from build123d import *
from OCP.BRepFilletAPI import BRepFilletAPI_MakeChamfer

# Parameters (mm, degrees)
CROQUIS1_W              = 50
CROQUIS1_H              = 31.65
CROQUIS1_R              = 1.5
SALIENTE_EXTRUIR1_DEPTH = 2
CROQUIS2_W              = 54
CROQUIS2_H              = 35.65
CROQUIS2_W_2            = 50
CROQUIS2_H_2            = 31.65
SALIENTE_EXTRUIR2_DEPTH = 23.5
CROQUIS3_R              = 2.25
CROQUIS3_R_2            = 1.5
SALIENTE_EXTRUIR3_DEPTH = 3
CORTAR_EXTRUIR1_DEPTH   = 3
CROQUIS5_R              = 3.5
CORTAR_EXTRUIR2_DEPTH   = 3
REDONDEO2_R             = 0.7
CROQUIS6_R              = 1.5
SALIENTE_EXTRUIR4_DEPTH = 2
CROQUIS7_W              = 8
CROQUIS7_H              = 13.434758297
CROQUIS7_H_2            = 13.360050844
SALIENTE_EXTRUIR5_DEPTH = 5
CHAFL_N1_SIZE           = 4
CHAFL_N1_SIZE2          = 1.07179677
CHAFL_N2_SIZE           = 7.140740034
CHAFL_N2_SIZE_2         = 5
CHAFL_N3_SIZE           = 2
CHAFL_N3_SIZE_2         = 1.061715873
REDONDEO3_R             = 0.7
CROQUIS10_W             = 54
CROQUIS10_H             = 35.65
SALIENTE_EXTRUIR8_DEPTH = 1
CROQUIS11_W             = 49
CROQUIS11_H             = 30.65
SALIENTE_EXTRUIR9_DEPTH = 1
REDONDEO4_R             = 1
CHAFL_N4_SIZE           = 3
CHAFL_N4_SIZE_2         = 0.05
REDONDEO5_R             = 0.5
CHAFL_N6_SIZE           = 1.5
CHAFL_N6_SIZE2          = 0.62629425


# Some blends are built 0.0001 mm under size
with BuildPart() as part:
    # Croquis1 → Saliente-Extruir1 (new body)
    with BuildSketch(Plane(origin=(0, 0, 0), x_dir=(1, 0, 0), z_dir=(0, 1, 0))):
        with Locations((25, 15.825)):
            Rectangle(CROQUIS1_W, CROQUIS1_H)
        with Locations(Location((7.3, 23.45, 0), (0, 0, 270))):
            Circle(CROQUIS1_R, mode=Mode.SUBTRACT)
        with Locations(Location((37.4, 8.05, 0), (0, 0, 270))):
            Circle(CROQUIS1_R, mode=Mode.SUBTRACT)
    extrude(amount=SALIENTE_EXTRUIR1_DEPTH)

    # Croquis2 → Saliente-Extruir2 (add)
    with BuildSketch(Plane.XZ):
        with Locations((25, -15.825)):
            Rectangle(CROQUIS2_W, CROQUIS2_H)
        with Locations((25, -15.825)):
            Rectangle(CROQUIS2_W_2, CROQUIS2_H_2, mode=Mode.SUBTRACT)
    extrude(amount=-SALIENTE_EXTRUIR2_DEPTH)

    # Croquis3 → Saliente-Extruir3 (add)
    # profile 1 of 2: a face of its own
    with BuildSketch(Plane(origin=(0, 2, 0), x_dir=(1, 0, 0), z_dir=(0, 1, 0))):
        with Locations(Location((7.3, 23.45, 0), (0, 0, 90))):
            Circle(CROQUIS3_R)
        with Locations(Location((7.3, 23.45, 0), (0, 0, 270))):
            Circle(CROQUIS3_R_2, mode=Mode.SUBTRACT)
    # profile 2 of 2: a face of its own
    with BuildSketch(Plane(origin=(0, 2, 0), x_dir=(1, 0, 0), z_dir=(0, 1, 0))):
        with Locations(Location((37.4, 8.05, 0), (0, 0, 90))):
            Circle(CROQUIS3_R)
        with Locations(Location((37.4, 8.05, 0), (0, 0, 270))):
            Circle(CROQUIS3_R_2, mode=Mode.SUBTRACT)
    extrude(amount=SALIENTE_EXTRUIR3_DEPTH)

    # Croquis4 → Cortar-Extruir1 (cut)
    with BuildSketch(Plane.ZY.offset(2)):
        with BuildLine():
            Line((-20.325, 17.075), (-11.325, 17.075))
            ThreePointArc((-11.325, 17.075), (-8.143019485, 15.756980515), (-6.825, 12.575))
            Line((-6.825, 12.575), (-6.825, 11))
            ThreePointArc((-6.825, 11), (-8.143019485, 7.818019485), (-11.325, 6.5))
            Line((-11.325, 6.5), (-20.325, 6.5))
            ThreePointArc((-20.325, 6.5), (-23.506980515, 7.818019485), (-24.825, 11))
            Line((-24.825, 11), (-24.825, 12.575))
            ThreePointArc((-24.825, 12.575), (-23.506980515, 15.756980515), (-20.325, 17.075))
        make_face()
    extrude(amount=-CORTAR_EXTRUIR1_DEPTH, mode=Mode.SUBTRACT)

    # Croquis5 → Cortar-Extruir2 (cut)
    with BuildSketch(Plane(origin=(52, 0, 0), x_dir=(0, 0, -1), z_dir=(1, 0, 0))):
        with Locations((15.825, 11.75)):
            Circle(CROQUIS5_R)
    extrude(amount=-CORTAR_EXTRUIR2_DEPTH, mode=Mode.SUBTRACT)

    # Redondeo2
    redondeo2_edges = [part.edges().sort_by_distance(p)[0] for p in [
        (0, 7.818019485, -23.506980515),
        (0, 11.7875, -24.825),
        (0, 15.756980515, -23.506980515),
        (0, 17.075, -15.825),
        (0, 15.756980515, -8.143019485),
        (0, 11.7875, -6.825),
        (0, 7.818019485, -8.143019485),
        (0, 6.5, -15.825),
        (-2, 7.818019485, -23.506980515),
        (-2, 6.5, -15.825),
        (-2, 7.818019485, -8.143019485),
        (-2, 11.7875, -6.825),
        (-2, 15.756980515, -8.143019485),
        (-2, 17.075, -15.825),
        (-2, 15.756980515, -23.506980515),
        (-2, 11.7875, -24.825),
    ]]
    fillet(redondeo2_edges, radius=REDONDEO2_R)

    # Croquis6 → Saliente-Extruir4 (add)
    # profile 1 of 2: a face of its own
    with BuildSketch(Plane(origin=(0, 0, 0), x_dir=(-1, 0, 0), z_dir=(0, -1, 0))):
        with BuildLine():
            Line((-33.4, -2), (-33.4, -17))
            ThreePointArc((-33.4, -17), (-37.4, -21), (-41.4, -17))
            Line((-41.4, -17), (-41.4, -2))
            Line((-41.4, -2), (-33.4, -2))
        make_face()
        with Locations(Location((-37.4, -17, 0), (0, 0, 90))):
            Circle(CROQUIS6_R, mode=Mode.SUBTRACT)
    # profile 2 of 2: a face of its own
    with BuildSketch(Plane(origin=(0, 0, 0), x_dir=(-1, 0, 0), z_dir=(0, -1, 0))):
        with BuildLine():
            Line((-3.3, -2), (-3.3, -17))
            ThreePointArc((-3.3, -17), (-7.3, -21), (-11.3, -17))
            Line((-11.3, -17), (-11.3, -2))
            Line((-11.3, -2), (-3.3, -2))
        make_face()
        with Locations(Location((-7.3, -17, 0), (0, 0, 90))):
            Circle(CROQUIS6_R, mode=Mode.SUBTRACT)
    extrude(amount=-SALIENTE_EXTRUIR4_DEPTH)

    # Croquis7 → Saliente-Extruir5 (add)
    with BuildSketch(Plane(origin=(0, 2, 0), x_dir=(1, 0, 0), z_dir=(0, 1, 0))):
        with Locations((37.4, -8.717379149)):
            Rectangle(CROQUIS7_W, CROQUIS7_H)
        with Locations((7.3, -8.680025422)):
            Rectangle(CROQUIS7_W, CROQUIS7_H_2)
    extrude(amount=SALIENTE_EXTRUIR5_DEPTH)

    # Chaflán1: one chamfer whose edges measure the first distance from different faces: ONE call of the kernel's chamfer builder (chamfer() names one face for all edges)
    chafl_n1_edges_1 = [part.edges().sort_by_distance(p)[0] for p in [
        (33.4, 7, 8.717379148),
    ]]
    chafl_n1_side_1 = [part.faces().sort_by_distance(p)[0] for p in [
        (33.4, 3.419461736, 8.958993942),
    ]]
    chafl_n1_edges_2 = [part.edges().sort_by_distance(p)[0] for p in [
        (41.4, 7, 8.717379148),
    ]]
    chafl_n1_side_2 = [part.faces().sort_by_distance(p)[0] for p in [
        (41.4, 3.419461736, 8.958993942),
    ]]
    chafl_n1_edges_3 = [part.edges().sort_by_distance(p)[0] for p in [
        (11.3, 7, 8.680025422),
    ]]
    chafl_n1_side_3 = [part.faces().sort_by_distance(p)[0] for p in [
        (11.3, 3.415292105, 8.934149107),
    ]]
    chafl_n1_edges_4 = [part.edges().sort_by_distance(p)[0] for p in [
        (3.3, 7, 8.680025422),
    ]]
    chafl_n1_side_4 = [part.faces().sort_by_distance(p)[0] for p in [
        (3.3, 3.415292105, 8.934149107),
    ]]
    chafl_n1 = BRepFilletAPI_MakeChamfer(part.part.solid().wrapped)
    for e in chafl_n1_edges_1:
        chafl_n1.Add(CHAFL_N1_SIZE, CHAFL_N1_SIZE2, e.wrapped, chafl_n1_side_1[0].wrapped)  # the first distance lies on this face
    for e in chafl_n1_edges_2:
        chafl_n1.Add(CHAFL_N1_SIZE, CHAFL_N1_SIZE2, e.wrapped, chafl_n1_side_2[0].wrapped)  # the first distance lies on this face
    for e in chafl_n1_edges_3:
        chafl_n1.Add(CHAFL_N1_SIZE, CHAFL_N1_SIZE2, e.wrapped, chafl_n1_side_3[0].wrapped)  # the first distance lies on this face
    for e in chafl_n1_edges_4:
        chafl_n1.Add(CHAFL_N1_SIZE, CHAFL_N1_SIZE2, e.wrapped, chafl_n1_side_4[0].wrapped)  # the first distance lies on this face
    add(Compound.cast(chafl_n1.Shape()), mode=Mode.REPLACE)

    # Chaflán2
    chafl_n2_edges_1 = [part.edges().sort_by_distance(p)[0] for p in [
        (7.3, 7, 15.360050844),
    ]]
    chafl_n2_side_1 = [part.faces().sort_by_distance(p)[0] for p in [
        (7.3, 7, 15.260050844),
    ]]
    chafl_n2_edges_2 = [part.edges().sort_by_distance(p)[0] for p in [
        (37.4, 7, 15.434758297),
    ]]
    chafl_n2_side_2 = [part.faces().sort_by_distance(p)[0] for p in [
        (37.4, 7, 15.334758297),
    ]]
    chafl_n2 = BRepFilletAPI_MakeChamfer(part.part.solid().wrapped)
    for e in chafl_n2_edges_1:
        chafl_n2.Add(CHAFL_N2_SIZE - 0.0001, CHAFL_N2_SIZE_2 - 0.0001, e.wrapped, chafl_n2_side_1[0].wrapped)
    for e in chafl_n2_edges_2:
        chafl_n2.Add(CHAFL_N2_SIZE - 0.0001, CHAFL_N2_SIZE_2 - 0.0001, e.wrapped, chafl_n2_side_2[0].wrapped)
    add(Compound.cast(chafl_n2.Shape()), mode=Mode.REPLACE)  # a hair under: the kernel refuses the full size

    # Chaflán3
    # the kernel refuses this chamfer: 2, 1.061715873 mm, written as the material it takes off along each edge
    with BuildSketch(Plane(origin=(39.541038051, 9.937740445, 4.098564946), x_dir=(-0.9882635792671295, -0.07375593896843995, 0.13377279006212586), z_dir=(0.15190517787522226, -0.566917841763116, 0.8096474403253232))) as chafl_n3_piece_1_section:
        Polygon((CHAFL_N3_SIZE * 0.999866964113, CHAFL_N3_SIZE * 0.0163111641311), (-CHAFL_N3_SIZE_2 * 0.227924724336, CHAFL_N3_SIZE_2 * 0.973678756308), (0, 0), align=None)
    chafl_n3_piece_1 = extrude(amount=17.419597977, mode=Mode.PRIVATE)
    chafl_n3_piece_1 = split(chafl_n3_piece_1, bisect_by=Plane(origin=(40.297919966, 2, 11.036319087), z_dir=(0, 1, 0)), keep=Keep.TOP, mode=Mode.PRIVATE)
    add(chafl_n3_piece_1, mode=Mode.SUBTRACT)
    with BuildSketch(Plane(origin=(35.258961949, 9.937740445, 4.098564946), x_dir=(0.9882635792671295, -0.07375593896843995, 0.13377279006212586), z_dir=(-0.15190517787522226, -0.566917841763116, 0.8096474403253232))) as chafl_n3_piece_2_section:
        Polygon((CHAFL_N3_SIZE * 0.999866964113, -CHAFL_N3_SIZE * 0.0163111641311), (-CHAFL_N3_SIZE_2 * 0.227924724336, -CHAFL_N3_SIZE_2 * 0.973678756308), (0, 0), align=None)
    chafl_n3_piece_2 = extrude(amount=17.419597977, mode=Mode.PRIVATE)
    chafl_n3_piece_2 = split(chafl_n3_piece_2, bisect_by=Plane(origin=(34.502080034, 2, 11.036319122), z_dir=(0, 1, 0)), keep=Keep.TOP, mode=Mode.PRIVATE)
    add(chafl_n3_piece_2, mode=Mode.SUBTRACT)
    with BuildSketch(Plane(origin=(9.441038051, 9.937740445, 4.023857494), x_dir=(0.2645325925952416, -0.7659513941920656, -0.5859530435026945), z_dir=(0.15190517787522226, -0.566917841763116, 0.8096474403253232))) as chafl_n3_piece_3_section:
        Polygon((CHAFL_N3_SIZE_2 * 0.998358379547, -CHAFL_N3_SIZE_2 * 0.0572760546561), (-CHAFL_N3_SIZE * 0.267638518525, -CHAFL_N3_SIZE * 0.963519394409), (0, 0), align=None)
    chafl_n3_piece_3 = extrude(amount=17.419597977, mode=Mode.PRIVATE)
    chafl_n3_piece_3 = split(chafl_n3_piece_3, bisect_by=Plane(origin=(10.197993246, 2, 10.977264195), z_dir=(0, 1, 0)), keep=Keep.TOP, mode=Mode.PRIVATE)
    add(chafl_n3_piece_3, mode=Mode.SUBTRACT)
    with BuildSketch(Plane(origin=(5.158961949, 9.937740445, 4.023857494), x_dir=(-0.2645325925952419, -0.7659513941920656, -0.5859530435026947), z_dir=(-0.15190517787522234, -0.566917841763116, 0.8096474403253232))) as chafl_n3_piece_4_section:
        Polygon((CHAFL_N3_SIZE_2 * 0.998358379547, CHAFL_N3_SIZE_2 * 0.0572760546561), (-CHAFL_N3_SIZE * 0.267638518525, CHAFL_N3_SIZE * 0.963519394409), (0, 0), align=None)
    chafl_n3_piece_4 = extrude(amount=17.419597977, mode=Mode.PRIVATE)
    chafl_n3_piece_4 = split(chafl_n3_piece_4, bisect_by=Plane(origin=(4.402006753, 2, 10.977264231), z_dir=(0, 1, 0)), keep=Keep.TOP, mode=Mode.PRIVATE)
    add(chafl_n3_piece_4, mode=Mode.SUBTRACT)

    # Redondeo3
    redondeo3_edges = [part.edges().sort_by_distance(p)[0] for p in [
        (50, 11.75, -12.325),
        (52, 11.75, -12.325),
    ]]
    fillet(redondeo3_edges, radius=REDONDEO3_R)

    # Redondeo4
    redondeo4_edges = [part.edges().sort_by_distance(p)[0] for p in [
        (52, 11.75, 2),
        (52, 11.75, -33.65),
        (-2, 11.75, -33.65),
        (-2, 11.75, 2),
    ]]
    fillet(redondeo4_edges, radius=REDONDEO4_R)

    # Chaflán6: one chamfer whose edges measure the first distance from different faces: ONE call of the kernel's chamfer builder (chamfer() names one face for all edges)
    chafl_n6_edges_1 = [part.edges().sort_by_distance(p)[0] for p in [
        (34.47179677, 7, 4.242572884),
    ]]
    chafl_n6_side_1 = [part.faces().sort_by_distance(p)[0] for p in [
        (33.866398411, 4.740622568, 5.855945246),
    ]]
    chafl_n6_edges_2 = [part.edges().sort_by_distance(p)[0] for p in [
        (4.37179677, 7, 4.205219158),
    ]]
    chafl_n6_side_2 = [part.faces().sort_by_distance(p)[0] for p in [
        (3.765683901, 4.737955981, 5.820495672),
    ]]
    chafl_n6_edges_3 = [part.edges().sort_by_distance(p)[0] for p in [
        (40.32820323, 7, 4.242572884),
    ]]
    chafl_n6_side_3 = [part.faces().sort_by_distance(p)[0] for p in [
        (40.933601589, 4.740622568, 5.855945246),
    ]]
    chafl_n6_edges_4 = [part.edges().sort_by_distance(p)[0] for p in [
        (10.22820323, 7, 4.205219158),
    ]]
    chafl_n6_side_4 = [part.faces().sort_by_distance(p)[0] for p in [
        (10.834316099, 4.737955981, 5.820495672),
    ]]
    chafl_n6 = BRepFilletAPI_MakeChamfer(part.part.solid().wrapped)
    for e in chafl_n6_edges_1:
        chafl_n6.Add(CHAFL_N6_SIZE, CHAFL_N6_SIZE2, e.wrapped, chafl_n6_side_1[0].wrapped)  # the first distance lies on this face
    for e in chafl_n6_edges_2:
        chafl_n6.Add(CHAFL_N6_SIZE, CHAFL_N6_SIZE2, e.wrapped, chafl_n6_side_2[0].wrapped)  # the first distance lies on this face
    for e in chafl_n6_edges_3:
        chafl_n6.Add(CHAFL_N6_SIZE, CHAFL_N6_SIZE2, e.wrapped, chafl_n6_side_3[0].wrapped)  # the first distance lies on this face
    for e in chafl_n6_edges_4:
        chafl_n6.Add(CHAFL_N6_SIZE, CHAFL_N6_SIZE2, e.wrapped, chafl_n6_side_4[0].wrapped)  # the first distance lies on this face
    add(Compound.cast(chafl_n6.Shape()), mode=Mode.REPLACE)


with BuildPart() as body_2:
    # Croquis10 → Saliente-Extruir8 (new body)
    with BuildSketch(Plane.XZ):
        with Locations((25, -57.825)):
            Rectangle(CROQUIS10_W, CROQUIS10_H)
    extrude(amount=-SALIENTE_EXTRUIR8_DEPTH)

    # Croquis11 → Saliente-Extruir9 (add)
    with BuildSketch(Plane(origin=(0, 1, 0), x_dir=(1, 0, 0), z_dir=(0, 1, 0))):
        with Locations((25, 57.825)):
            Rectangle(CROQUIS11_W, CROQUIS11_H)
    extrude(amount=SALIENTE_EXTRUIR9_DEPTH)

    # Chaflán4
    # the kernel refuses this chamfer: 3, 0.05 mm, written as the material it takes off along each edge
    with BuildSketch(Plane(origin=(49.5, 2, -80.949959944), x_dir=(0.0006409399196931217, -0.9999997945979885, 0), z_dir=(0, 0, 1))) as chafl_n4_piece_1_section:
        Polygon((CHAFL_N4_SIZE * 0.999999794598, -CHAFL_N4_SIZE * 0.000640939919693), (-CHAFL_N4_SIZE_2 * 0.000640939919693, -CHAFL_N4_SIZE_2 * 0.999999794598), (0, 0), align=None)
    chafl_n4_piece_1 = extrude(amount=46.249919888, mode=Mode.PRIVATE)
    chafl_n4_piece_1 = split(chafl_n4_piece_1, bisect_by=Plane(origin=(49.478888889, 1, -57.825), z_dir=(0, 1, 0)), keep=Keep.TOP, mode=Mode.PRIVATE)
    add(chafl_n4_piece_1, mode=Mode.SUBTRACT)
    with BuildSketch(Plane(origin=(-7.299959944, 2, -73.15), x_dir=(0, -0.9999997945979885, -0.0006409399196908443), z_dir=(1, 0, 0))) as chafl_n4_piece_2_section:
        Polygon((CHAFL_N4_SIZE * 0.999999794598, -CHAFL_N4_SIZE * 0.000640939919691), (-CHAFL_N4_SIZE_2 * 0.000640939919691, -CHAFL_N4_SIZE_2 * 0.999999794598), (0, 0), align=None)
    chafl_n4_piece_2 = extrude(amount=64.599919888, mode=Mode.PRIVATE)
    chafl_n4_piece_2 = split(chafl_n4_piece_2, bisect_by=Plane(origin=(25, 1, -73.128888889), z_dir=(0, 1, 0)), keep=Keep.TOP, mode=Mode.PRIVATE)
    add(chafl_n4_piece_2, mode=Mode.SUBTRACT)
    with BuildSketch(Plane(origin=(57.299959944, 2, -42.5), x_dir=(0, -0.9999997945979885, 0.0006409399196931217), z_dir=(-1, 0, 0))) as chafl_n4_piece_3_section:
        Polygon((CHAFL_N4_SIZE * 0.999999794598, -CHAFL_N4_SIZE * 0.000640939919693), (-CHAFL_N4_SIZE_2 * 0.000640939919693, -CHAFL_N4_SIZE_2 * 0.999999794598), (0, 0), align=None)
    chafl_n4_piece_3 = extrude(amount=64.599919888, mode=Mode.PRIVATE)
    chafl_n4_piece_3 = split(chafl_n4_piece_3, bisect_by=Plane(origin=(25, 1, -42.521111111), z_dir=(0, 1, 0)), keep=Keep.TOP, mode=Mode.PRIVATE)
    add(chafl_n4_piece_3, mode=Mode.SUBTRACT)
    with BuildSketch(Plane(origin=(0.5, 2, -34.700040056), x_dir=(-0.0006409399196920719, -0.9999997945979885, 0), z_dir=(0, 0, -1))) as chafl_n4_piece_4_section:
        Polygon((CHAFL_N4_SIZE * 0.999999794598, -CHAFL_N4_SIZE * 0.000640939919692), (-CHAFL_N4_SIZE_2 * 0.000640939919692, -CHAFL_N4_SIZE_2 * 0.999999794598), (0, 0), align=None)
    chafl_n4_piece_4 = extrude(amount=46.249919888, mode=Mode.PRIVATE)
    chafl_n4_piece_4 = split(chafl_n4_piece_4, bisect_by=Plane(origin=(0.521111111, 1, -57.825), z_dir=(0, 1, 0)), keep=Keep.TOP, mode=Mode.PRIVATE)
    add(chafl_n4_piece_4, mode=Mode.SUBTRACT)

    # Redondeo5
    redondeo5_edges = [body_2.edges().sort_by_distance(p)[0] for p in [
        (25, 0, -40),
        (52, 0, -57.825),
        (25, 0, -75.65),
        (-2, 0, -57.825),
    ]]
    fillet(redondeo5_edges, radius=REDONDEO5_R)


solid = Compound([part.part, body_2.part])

* **Exercise**: Your answer should be exactly the lines of the data above, from the first through the line containing "SALIENTE_EXTRUIR2_DEPTH = 23.5".

* **Answer section**:
from build123d import *
from OCP.BRepFilletAPI import BRepFilletAPI_MakeChamfer

# Parameters (mm, degrees)
CROQUIS1_W              = 50
CROQUIS1_H              = 31.65
CROQUIS1_R              = 1.5
SALIENTE_EXTRUIR1_DEPTH = 2
CROQUIS2_W              = 54
CROQUIS2_H              = 35.65
CROQUIS2_W_2            = 50
CROQUIS2_H_2            = 31.65
SALIENTE_EXTRUIR2_DEPTH = 23.5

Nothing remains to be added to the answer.